#### Assigned task
Would you return the lines between the one holding "#12=(NAMED_UNIT(*) SI_UNIT($,.STERADIAN.) SOLID_ANGLE_UNIT());" and the one holding "#17=DIRECTION('',(1.,0.,0.));", inclusive, and only those, exactly as they stand in the listing below?

Top of Task data

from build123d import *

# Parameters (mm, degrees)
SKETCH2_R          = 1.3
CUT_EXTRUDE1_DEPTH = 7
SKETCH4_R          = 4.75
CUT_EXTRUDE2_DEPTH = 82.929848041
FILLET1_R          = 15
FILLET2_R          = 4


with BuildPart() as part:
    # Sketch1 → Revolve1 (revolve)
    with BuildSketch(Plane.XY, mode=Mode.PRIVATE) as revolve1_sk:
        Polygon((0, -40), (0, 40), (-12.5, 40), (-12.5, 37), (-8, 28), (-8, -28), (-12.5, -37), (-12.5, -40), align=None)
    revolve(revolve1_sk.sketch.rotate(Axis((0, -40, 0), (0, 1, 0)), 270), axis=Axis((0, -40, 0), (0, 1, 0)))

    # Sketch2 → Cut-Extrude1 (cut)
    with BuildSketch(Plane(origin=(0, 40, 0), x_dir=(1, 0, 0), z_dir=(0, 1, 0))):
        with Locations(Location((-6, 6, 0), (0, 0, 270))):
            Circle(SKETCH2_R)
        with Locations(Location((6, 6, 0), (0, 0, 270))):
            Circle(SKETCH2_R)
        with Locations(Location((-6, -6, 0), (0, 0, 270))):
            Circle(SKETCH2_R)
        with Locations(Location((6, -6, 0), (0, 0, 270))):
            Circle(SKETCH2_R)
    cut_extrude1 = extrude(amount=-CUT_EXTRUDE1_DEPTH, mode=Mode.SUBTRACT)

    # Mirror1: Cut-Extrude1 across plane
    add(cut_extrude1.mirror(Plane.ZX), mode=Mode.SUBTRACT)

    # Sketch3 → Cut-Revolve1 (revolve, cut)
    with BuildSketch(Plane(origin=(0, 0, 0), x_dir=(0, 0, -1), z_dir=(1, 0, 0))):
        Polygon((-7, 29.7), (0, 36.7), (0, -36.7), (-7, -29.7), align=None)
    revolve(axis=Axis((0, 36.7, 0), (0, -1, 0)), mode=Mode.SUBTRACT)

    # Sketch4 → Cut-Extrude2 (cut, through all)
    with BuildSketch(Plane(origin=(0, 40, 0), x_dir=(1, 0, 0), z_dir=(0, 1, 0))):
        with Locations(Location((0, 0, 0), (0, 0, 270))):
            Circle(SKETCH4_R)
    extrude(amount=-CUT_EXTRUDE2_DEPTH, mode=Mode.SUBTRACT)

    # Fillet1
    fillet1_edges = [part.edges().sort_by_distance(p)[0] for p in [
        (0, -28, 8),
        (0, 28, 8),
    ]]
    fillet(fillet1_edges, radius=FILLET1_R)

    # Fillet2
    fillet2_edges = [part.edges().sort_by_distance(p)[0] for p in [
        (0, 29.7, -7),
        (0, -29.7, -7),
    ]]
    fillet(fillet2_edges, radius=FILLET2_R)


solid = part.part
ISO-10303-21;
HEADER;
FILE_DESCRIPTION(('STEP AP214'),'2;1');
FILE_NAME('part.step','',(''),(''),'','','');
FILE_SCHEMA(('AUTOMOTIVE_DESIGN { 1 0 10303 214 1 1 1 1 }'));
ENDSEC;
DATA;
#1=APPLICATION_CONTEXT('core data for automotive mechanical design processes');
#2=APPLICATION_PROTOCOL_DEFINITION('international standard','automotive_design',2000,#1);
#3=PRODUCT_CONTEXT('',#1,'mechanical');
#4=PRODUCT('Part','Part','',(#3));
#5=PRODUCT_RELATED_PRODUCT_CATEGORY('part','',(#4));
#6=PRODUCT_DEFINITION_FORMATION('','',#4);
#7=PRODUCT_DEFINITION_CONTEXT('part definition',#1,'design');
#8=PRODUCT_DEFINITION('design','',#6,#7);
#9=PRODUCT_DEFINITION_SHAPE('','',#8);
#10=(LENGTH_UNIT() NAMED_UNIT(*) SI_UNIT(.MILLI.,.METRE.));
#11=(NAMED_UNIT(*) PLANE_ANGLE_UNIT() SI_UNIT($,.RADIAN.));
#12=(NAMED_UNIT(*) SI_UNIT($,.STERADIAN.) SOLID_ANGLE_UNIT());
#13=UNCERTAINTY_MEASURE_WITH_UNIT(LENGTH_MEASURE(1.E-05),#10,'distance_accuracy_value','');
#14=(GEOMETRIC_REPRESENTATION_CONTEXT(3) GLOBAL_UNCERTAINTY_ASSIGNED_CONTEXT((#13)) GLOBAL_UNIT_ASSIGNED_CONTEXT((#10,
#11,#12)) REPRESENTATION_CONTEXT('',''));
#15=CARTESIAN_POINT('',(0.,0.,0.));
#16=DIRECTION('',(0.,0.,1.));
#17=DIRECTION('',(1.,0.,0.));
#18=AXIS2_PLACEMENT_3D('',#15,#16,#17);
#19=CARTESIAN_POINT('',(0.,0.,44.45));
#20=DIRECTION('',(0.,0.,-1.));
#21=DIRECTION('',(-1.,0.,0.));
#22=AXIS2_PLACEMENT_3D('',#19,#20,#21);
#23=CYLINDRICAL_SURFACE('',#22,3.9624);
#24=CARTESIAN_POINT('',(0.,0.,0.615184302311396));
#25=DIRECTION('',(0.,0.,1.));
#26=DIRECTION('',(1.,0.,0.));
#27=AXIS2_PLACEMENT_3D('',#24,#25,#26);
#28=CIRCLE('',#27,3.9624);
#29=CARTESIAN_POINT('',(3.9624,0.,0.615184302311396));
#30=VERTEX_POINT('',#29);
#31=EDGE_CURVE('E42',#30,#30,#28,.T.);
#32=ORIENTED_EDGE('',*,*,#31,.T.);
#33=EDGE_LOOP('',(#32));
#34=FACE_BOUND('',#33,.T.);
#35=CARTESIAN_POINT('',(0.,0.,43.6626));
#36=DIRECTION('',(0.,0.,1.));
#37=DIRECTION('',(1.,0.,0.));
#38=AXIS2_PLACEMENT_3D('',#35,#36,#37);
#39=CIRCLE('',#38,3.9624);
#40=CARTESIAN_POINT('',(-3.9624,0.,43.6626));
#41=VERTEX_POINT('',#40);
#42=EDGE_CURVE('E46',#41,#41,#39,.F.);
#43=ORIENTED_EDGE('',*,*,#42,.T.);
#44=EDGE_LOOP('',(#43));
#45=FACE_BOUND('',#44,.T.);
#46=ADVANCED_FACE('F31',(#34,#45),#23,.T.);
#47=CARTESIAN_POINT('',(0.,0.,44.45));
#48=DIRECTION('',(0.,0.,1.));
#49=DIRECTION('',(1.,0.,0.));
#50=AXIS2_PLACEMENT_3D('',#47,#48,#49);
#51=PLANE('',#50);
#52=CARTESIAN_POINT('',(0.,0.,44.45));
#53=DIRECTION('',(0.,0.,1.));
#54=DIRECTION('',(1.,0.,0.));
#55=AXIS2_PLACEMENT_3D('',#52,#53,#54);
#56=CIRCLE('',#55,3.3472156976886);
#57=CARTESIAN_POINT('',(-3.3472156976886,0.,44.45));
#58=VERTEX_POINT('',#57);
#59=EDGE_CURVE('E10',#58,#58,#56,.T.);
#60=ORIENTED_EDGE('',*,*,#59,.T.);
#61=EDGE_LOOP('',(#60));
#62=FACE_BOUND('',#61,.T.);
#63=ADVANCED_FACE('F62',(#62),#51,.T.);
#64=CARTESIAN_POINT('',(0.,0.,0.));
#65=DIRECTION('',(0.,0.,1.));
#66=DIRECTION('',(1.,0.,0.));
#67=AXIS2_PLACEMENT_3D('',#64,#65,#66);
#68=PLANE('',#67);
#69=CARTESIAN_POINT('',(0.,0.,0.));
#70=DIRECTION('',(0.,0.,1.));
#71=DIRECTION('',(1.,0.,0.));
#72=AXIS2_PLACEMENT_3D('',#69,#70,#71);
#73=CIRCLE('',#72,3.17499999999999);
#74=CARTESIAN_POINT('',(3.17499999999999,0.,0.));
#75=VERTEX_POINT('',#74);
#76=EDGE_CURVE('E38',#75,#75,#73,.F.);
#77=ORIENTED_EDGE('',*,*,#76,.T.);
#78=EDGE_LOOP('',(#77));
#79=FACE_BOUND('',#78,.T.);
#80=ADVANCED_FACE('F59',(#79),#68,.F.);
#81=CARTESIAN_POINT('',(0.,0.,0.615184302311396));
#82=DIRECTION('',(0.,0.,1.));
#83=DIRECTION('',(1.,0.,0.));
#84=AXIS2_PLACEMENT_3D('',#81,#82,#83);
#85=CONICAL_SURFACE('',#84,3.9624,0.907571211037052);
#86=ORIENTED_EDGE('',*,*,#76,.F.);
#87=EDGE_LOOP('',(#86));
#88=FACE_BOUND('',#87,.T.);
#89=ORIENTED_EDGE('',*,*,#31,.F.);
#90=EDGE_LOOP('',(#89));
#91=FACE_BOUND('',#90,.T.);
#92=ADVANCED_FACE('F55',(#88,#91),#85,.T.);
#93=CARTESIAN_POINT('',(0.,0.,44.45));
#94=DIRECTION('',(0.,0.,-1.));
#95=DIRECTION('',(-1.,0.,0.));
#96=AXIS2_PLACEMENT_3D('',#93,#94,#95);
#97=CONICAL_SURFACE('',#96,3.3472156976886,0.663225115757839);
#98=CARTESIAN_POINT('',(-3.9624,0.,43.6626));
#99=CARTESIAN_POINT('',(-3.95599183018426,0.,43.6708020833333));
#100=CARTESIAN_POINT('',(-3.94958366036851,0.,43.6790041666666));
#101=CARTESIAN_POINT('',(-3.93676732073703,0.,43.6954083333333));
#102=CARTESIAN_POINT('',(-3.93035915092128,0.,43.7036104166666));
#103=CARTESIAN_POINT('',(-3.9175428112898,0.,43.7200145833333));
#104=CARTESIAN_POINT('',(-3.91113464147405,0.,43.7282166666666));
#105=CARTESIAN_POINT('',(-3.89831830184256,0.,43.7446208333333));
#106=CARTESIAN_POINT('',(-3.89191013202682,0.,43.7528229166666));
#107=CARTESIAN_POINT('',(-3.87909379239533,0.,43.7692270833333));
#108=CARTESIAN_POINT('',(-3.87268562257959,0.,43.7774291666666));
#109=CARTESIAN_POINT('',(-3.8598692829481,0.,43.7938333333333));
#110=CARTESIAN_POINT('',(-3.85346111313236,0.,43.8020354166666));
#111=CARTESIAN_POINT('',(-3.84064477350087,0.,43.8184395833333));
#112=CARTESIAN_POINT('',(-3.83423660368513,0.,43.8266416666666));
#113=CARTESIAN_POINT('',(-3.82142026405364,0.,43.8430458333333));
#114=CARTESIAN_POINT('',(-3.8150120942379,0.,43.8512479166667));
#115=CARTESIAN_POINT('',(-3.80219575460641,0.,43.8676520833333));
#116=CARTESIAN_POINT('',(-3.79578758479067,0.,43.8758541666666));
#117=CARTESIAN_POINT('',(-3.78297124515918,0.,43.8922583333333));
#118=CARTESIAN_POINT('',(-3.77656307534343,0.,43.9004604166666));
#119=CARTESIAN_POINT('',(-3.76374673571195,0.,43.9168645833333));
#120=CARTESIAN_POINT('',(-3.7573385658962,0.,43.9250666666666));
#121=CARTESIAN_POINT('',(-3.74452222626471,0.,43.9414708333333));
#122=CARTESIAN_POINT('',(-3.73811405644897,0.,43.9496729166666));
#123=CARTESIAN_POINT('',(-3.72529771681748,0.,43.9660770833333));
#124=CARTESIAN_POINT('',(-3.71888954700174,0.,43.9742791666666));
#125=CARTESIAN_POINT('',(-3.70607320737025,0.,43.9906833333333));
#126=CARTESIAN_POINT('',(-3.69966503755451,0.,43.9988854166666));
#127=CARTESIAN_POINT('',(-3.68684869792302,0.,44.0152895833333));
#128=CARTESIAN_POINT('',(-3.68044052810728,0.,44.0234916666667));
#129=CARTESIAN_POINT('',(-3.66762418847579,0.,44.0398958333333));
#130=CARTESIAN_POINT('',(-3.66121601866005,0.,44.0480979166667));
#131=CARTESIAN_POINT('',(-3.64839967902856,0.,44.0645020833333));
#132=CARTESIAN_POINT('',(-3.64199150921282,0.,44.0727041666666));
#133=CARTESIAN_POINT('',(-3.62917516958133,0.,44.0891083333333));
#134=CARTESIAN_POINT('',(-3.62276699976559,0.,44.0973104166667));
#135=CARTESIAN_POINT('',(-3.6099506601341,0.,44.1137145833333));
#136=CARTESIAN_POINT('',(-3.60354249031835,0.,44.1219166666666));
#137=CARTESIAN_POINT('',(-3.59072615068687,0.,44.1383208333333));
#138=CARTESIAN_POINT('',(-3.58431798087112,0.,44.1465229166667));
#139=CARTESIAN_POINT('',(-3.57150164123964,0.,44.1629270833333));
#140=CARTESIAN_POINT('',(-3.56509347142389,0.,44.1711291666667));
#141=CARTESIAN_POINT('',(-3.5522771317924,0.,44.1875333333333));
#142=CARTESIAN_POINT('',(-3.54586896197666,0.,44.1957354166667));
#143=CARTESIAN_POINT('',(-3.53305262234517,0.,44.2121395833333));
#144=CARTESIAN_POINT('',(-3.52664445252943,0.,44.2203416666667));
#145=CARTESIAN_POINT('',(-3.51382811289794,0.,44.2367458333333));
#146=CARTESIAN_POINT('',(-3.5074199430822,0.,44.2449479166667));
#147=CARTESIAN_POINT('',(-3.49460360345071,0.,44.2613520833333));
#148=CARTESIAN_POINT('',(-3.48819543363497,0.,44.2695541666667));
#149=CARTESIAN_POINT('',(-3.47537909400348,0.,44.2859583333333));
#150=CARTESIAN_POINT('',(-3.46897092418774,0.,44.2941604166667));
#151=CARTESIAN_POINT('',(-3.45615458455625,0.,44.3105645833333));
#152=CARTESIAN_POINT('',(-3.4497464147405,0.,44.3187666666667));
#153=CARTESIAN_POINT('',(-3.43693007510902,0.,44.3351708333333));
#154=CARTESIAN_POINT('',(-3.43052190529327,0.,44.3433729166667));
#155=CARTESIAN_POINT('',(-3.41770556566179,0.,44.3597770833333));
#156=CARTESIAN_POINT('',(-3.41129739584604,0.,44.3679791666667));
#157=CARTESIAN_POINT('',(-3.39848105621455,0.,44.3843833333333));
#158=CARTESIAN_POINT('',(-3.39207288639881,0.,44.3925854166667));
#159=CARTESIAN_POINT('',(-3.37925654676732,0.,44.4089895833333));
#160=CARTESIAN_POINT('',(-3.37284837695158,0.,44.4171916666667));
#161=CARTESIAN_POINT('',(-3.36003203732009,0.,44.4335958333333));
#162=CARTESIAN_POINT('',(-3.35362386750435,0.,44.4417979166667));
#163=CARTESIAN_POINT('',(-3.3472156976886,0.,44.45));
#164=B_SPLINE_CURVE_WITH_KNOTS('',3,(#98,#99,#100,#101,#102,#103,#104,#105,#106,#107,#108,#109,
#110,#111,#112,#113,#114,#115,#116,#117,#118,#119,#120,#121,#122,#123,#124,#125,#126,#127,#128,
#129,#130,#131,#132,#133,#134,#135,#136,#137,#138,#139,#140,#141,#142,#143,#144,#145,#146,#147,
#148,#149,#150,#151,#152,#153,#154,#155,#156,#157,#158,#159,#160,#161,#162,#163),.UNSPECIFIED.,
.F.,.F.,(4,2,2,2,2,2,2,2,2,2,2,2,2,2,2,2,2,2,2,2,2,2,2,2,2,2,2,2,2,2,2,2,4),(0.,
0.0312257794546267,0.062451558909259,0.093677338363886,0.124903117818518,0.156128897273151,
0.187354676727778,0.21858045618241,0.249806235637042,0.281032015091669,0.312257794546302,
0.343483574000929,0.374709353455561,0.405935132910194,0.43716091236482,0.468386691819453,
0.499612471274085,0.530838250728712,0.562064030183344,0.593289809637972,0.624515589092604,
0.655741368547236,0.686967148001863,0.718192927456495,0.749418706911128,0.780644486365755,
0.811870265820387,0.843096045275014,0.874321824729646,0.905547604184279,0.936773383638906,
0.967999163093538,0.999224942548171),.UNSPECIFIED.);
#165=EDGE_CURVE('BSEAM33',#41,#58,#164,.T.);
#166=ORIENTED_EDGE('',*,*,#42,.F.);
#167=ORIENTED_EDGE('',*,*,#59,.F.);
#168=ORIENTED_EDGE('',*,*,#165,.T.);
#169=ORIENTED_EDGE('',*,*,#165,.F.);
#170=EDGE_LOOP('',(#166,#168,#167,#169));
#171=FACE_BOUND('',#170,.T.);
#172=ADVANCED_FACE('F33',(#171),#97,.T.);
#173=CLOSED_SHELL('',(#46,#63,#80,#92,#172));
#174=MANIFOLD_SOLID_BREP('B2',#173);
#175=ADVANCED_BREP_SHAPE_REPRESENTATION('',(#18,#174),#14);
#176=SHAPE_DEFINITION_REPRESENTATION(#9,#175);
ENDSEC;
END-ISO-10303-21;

Bottom of Task data

#### Problem solution
#12=(NAMED_UNIT(*) SI_UNIT($,.STERADIAN.) SOLID_ANGLE_UNIT());
#13=UNCERTAINTY_MEASURE_WITH_UNIT(LENGTH_MEASURE(1.E-05),#10,'distance_accuracy_value','');
#14=(GEOMETRIC_REPRESENTATION_CONTEXT(3) GLOBAL_UNCERTAINTY_ASSIGNED_CONTEXT((#13)) GLOBAL_UNIT_ASSIGNED_CONTEXT((#10,
#11,#12)) REPRESENTATION_CONTEXT('',''));
#15=CARTESIAN_POINT('',(0.,0.,0.));
#16=DIRECTION('',(0.,0.,1.));
#17=DIRECTION('',(1.,0.,0.));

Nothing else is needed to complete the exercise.